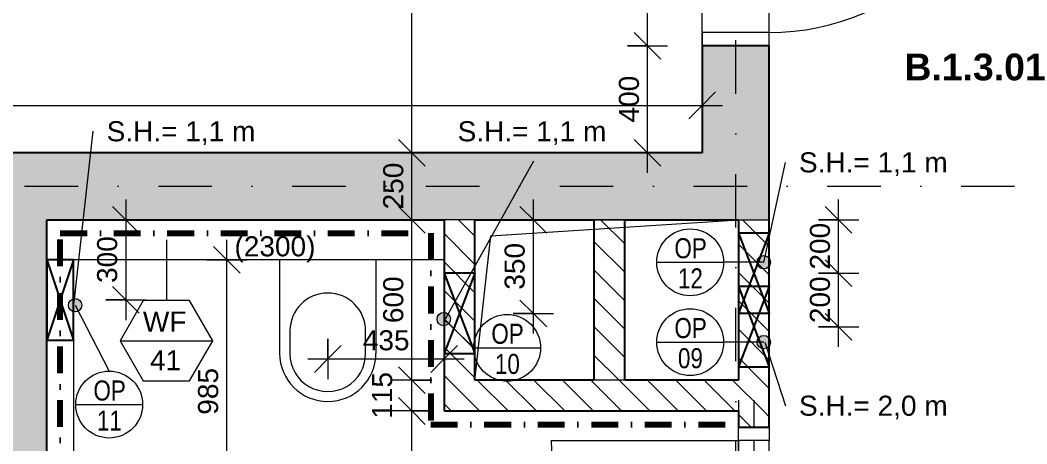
# Model space of a CAD drawing. Header units: millimetres. Extents: x -8633 to 38101, y -2985 to 57546.
# Drawn here: x 12596 to 16359, y 49840 to 51424 of the extents above; entities that cross this region are included whole.
import ezdxf

# ---------------------------------------------------------------- set-up
doc = ezdxf.new("R2010")
doc.units = ezdxf.units.MM
for name, pattern in [('HA_Dash_3mm-S1mm', [150, 100, -50]), ('HA_DashDot_10mm-S3mm', [500, 200, -150, 0, -150]), ('HA_DashDot_2_2mm-S0_6mm', [110, 50, -30, 0, -30]), ('HA_DashDot_4mm-S1mm', [200, 100, -50, 0, -50])]:
    doc.linetypes.add(name, pattern=pattern)
for name, color, linetype, lineweight in [('A-____-____-DIMS', 9, 'Continuous', 5), ('A-____-____-DIMS-50', 9, 'Continuous', 5), ('A-AREA-____-IDEN', 9, 'Continuous', 9), ('A-DETL-____-OTLN', 9, 'Continuous', 25), ('A-DETL-GENF-OTLN', 9, 'Continuous', 9), ('A-DOOR-____-MCUT', 9, 'HA_DashDot_2_2mm-S0_6mm', 9), ('A-DOOR-____-OTLN', 9, 'Continuous', 9), ('A-DOOR-FRAM-MCUT', 9, 'Continuous', 9), ('A-FLOR-____-OTLN', 9, 'Continuous', 9), ('A-GENM-____-HDLN', 9, 'HA_Dash_3mm-S1mm', 9), ('A-GENM-____-IDEN', 9, 'Continuous', 9), ('A-GENM-____-OTLN', 9, 'Continuous', 9), ('A-WALL-____-IDEN', 9, 'Continuous', 9), ('A-WALL-____-MCUT', 9, 'Continuous', 25), ('A-WALL-____-PATT', 9, 'Continuous', 25), ('G-____-____-TEXT', 9, 'Continuous', 5), ('I-WALL-____-MCUT', 9, 'Continuous', 25), ('I-WALL-____-OTLN', 9, 'Continuous', 9), ('P-SANR-FIXT-OTLN', 9, 'Continuous', 9), ('S-GRID-____-OTLN', 9, 'Continuous', 5)]:
    doc.layers.add(name, color=color, linetype=linetype, lineweight=lineweight)
doc.styles.add('Arial_1', font='arial.ttf', dxfattribs={"height": 75})
doc.styles.add('Arial_2', font='arial.ttf', dxfattribs={"width": 0.8, "height": 75})
doc.styles.add('Arial_B', font='arialbd.ttf', dxfattribs={"height": 100})
doc.dimstyles.new('Inner_Dimensions', dxfattribs={"dimscale": 304.8, "dimtxt": 76.519455, "dimasz": 0.328084, "dimexe": 0.246063, "dimexo": 0.0625, "dimgap": 0.032808, "dimtad": 1, "dimdec": 0, "dimzin": 0, "dimdsep": 46, "dimtxsty": 'Arial_1', "dimblk1": 'OBLIQUE', "dimblk2": 'OBLIQUE', "dimsah": 1, "dimcen": 0.09, "dimdle": 0.246063, "dimazin": 0, "dimtfac": 1, "dimtdec": 4, "dimtix": 1, "dimtmove": 0, "dimatfit": 3, "dimfxl": 0.246063, "dimfxlon": 1, "dimtvp": 1, "dimtolj": 1, "dimtzin": 0, "dimlwd": 9, "dimlwe": 9, "dimarcsym": 2})
doc.dimstyles.new('Inner_Dimensions_1', dxfattribs={"dimscale": 304.8, "dimtxt": 76.519455, "dimasz": 0.328084, "dimexe": 0.246063, "dimexo": 0.0625, "dimgap": 0.032808, "dimtad": 1, "dimdec": 0, "dimzin": 0, "dimdsep": 46, "dimtxsty": 'Arial_1', "dimblk1": 'OBLIQUE', "dimblk2": 'OBLIQUE', "dimsah": 1, "dimcen": 0.09, "dimdle": 0.246063, "dimazin": 0, "dimtfac": 1, "dimtdec": 4, "dimtix": 1, "dimtmove": 2, "dimatfit": 3, "dimfxl": 0.246063, "dimfxlon": 1, "dimtvp": 1, "dimtolj": 1, "dimtzin": 0, "dimlwd": 9, "dimlwe": 9, "dimarcsym": 2})
pattern_1 = [(135, (0, 0), (-53.03301, -53.03301), [])]

# ---------------------------------------------------------------- blocks, each defined once
blk = doc.blocks.new('HA_DR_Single_Swing_Solid - In_BJ_900x2100_Vstupni-2124274-DPS_1NP - B')
at = {"layer": 'A-DOOR-____-MCUT'}
for p, q in [((-450, 125), (450, 125)), ((-450, -125), (450, -125))]:
    blk.add_line(p, q, dxfattribs=at)
at = {"layer": 'A-DOOR-____-OTLN'}
for p, q in [((-500, 125), (500, 125)), ((-500, -125), (500, -125))]:
    blk.add_line(p, q, dxfattribs=at)
at = {"layer": 'A-DOOR-____-OTLN', "lineweight": 5}
blk.add_line((450, -1025), (450, -125), dxfattribs=at)
blk.add_arc((450, -125), 900, 180, 270, dxfattribs=at)
at = {"layer": 'A-DOOR-FRAM-MCUT'}
for p, q in [((-450, 125), (-500, 125)), ((-450, -125), (-450, 125)), ((500, 125), (450, 125)), ((450, 125), (450, -125)), ((-500, -125), (-450, -125)), ((450, -125), (500, -125))]:
    blk.add_line(p, q, dxfattribs=at)
blk = doc.blocks.new('HA_DR_Single_Swing_Solid - In_BJ_700x2100-2124340-DPS_1NP - B')
at = {"layer": 'A-DOOR-____-MCUT'}
for p, q in [((-350, 57.5), (350, 57.5)), ((-350, -57.5), (350, -57.5))]:
    blk.add_line(p, q, dxfattribs=at)
at = {"layer": 'A-DOOR-____-OTLN', "lineweight": 5}
blk.add_line((350, 757.5), (350, 57.5), dxfattribs=at)
blk.add_arc((350, 57.5), 700, 90, 180, dxfattribs=at)
at = {"layer": 'A-DOOR-FRAM-MCUT'}
for p, q in [((-400, 57.5), (-350, 57.5)), ((-350, 57.5), (-350, -57.5)), ((350, 57.5), (400, 57.5)), ((350, -57.5), (350, 57.5)), ((-350, -57.5), (-400, -57.5)), ((400, -57.5), (350, -57.5))]:
    blk.add_line(p, q, dxfattribs=at)
blk = doc.blocks.new('HA_GM_Shaft_Rectangle - Default-2138656-DPS_1NP - B')
at = {"layer": 'A-DETL-GENF-OTLN'}
for p, q in [((60, -60), (985, 0)), ((0, -600), (60, -60))]:
    blk.add_line(p, q, dxfattribs=at)
at = {"layer": 'A-GENM-____-OTLN'}
for p, q in [((0, -600), (0, 0)), ((0, 0), (985, 0)), ((985, 0), (985, -600)), ((985, -600), (0, -600))]:
    blk.add_line(p, q, dxfattribs=at)
blk = doc.blocks.new('ABMV_Toilet_WallHung - Default-1991236-DPS_1NP - B')
at = {"layer": 'P-SANR-FIXT-OTLN'}
for p, q in [((-55, 75), (-55, 424.6)), ((-16.3, 426.2), (-16.3, 340.3)), ((266.3, 340.3), (266.3, 426.2)), ((305, 75), (305, 424.6))]:
    blk.add_line(p, q, dxfattribs=at)
for centre, radius, start, end in [((125, 424.6), 180, 0, 180), ((125, 426.2), 141.3, 360, 180), ((125, 340.3), 141.3, 180, 360)]:
    blk.add_arc(centre, radius, start, end, dxfattribs=at)
blk = doc.blocks.new('HA_GM_Tiling_LineBased - Generic Tiles-2050454-DPS_1NP - B')
at = {"layer": 'A-GENM-____-OTLN', "linetype": 'HA_DashDot_4mm-S1mm', "lineweight": 80}
blk.add_line((50, -50), (2375, -50), dxfattribs=at)
blk = doc.blocks.new('HA_GM_Tiling_LineBased - Generic Tiles-2050455-DPS_1NP - B')
at = {"layer": 'A-GENM-____-OTLN', "linetype": 'HA_DashDot_4mm-S1mm', "lineweight": 80}
blk.add_line((50, -50), (1435, -50), dxfattribs=at)
blk = doc.blocks.new('HA_GM_Tiling_LineBased - Generic Tiles-2050439-DPS_1NP - B')
at = {"layer": 'A-GENM-____-OTLN', "linetype": 'HA_DashDot_4mm-S1mm', "lineweight": 80}
blk.add_line((50, -50), (765, -50), dxfattribs=at)
blk = doc.blocks.new('HA_GM_Tiling_LineBased - Generic Tiles-2050438-DPS_1NP - B')
at = {"layer": 'A-GENM-____-OTLN', "linetype": 'HA_DashDot_4mm-S1mm', "lineweight": 80}
blk.add_line((-50, -50), (1050, -50), dxfattribs=at)
blk = doc.blocks.new('TB_Porotherm KP11_5_1000mm - TB_Porotherm KP11_5_1000mm-1925202-DPS_1NP - B')
at = {"layer": 'A-GENM-____-HDLN'}
for p, q in [((500, 57.5), (-500, 57.5)), ((-500, 0), (500, 0)), ((-500, -57.5), (500, -57.5))]:
    blk.add_line(p, q, dxfattribs=at)
blk = doc.blocks.new('DIMBLOCK149-DPS_1NP - B')
at = {"layer": 'A-____-____-DIMS-50', "lineweight": 9}
for p, q in [((6495.7, 51180.2), (6495.7, 51030.2)), ((6495.7, 51105.2), (6495.7, 51180.2)), ((6495.7, 51105.2), (6545.7, 51155.2)), ((15145.7, 51180.2), (15145.7, 51030.2)), ((15145.7, 51105.2), (15145.7, 51180.2)), ((15145.7, 51105.2), (15195.7, 51155.2)), ((6495.7, 51105.2), (6445.7, 51055.2)), ((6495.7, 51105.2), (15220.7, 51105.2)), ((15145.7, 51105.2), (15095.7, 51055.2))]:
    blk.add_line(p, q, dxfattribs=at)
at = {"layer": 'A-____-____-DIMS-50', "color": 0, "lineweight": 9, "insert": (10705.3, 51212.5), "char_height": 75, "width": 276.883, "attachment_point": 1, "line_spacing_factor": 0.941778, "style": 'Arial_1'}
blk.add_mtext('8650', dxfattribs=at)
blk = doc.blocks.new('_Oblique')
at = {"color": 0, "linetype": 'ByBlock', "lineweight": -2}
blk.add_line((-0.5, -0.5), (0.5, 0.5), dxfattribs=at)
blk = doc.blocks.new('DIMBLOCK150-DPS_1NP - B')
at = {"layer": 'A-____-____-DIMS-50', "lineweight": 9}
for p, q in [((14941.2, 51327.7), (14891.2, 51377.7)), ((14866.2, 51327.7), (15016.2, 51327.7)), ((14941.2, 51327.7), (14866.2, 51327.7)), ((14941.2, 50852.7), (14941.2, 51327.7)), ((14941.2, 51327.7), (14991.2, 51277.7)), ((14941.2, 50927.7), (14891.2, 50977.7)), ((14866.2, 50927.7), (15016.2, 50927.7)), ((14941.2, 50927.7), (14866.2, 50927.7)), ((14941.2, 50927.7), (14991.2, 50877.7))]:
    blk.add_line(p, q, dxfattribs=at)
at = {"layer": 'A-____-____-DIMS-50', "color": 0, "lineweight": 9, "insert": (14833.9, 51041.2), "char_height": 75, "width": 207.662, "attachment_point": 1, "rotation": 90, "line_spacing_factor": 0.941778, "style": 'Arial_1'}
blk.add_mtext('400', dxfattribs=at)
blk = doc.blocks.new('DIMBLOCK151-DPS_1NP - B')
at = {"layer": 'A-____-____-DIMS-50', "lineweight": 9}
for p, q in [((14941.2, 52327.7), (14891.2, 52377.7)), ((14866.2, 52327.7), (15016.2, 52327.7)), ((14941.2, 52327.7), (14866.2, 52327.7)), ((14941.2, 51327.7), (14941.2, 52327.7)), ((14941.2, 52327.7), (14991.2, 52277.7)), ((14941.2, 51327.7), (14891.2, 51377.7)), ((14866.2, 51327.7), (15016.2, 51327.7)), ((14941.2, 51327.7), (14866.2, 51327.7)), ((14941.2, 51327.7), (14991.2, 51277.7))]:
    blk.add_line(p, q, dxfattribs=at)
at = {"layer": 'A-____-____-DIMS-50', "color": 0, "lineweight": 9, "insert": (14833.9, 51572.6), "char_height": 75, "width": 276.883, "attachment_point": 1, "rotation": 90, "line_spacing_factor": 0.941778, "style": 'Arial_1'}
blk.add_mtext('1000', dxfattribs=at)
blk = doc.blocks.new('DIMBLOCK169-DPS_1NP - B')
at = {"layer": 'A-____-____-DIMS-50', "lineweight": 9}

_____

* **REQUIREMENT**
In the entries above, the lines between the one holding "blk.add_line((50, -50), (765, -50), dxfattribs=at)" and the one holding "blk.add_line((-50, -50), (1050, -50), dxfattribs=at)", inclusive, are to be printed exactly as written, and those alone.

* **SOLUTION FOR THIS EXERCISE**
blk.add_line((50, -50), (765, -50), dxfattribs=at)
blk = doc.blocks.new('HA_GM_Tiling_LineBased - Generic Tiles-2050438-DPS_1NP - B')
at = {"layer": 'A-GENM-____-OTLN', "linetype": 'HA_DashDot_4mm-S1mm', "lineweight": 80}
blk.add_line((-50, -50), (1050, -50), dxfattribs=at)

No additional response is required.